One interesting engineering approach that might alleviate some of these difficulties is the technology of bsAbs, which are antibodies with binding sites directed against two different epitopes or antigens. There are now more than 100 formats in which bsAbs can be constructed genetically in the research laboratory, and three bsAbs have been approved by the US Food and Drug Administration for clinical application. BsAbs have been developed to treat infection with viruses such as HIV6. In fact, trispecific antibodies against HIV have been developed7, and several trispecific antibodies or antibodies with higher-order complexity (multispecific antibodies) are being tested in clinical trials.

Li et al. explored two bsAb formats, dual variable domain–immunoglobulin and immunoglobulin G–single-chain variable fragment (IgG–ScFv), to combine the variable regions of the previously identified experimental mAbs B38 and H4 that block binding of the spike protein to its receptor in humans, ACE21 (Fig. 1). One of the constructs, bsAb15 (an IgG–ScFv), displayed affinity for binding to the receptor-binding domain of SARS-CoV-2 spike protein and neutralization potency against SARS-CoV-2 similar to that of the parental mAbs. This bsAb showed efficacy in mice expressing human ACE2 and in a rhesus macaque SARS-CoV-2-infection model of both prophylaxis and treatment. Notably, the investigators were able to identify escape mutant viruses in vitro that were selected with individual mAbs but could not detect escape with the bsAb, and the bsAb did neutralize the escape mutant viruses isolated from each of the monotherapy selections. These studies show that bsAbs can be developed to have some of the advantageous features of combinations of individual mAbs. Ultimately, this study serves principally as a proof of concept for combinations assembled as a bispecific molecule. It should be noted that the construct has some limitations in that it can be escaped, as the naturally occurring Beta (B.1.351) variant exhibited resistance to bsAb15. The Gamma variant might also be resistant, given it has K417T and E484K substitutions critical for escape.

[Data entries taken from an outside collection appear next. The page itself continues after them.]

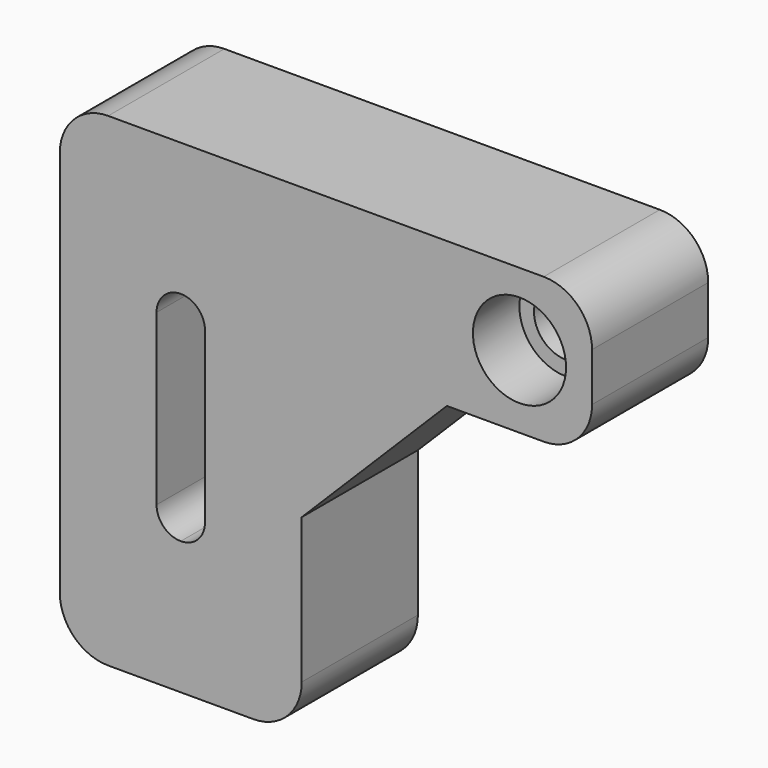
from build123d import *

# Parameters (mm, degrees)
F1_DEPTH       = 30
F3_D           = 13.2
F3_CBORE_D     = 19.25
F3_CBORE_DEPTH = 12
F4_R           = 10
F5_W           = 10
F5_H           = 45
F6_DEPTH       = 30.001
F7_R           = 4.99999


# Not quite as in the source:
# - a fillet or chamfer is up to 0.001 mm smaller than in the source, because OpenCascade refuses the exact size


with BuildPart() as f1:
    # F0 (on Front) → F1 (new body)
    with BuildSketch(Plane.XZ):
        Polygon((0, 100), (0, 0), (50, 0), (50, 40), (80, 70), (110, 70), (110, 100), align=None)
    extrude(amount=-F1_DEPTH)

    # F3 (through all)
    with Locations(Plane.XZ):
        with Locations((95, 85)):
            CounterBoreHole(F3_D / 2, F3_CBORE_D / 2, F3_CBORE_DEPTH)

    # F4
    f4_edges = [f1.edges().sort_by_distance(p)[0] for p in [
        (0, 15, 100),
        (50, 15, 0),
        (110, 15, 70),
        (110, 15, 100),
        (0, 15, 0),
    ]]
    fillet(f4_edges, radius=F4_R)

    # F5 (on face) → F6 (cut, through all)
    with BuildSketch(Plane.XZ):
        with Locations((25, 50)):
            Rectangle(F5_W, F5_H)
    extrude(amount=-F6_DEPTH, mode=Mode.SUBTRACT)

    # F7 (radius 5 in the source; OpenCascade refuses exactly that, so slightly less here)
    f7_edges = [f1.edges().sort_by_distance(p)[0] for p in [
        (20, 15, 72.5),
        (30, 15, 72.5),
        (30, 15, 27.5),
        (20, 15, 27.5),
    ]]
    fillet(f7_edges, radius=F7_R)


solid = f1.part
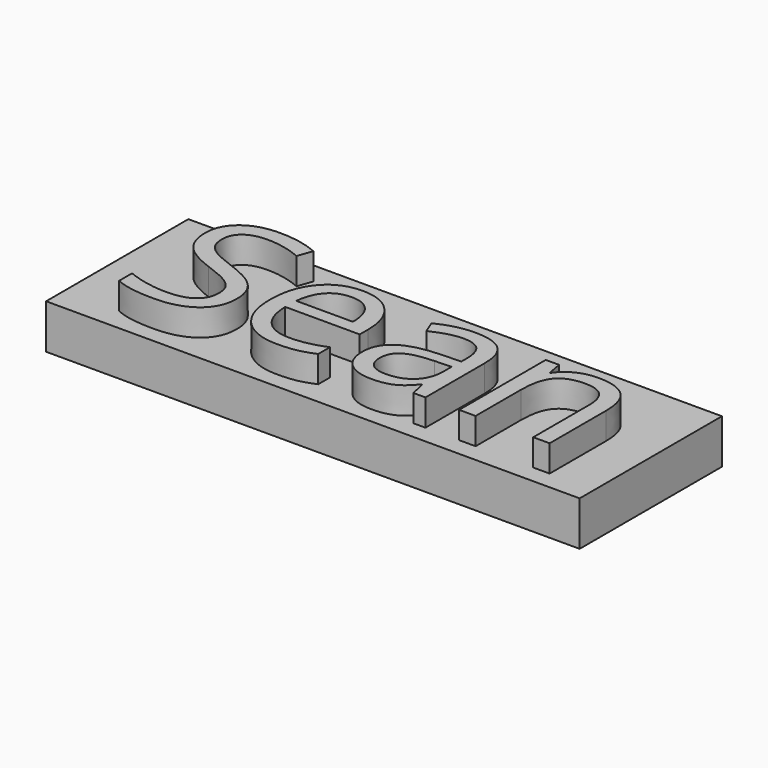
from build123d import *

# Parameters (mm, degrees)
F0_W         = 60
F0_H         = 20
F1_DEPTH     = 5
F2_TEXT_SIZE = 22.7337311736
F3_DEPTH     = 3


# Not quite as in the source:
# - Text() gives the source's letters only with a copy of the font that has no kerning and outlines rounded to 1/6400 em; it was checked with that copy


with BuildPart() as f1:
    # F0 (on Top) → F1 (new body)
    with BuildSketch(Plane.XY):
        Rectangle(F0_W, F0_H)
    extrude(amount=F1_DEPTH)

    # F2 (on face) → F3 (join)
    with BuildSketch(Plane.XY.offset(5)):
        with Locations((-25, -7.968286445)):
            Text('Sean', F2_TEXT_SIZE, font='Open Sans', text_align=(TextAlign.LEFT, TextAlign.BOTTOM))
    extrude(amount=F3_DEPTH)


solid = f1.part

In summary, human mAbs have been of remarkable benefit for some patients with COVID-19, and their use is likely to spread to other infectious targets. Lessons learned during this pandemic inform best principles for using mAbs against infectious diseases. Combining mAbs is an approach that is here to stay for many RNA viruses, and bsAbs may be one technical approach to reducing the complexity of manufacture and development.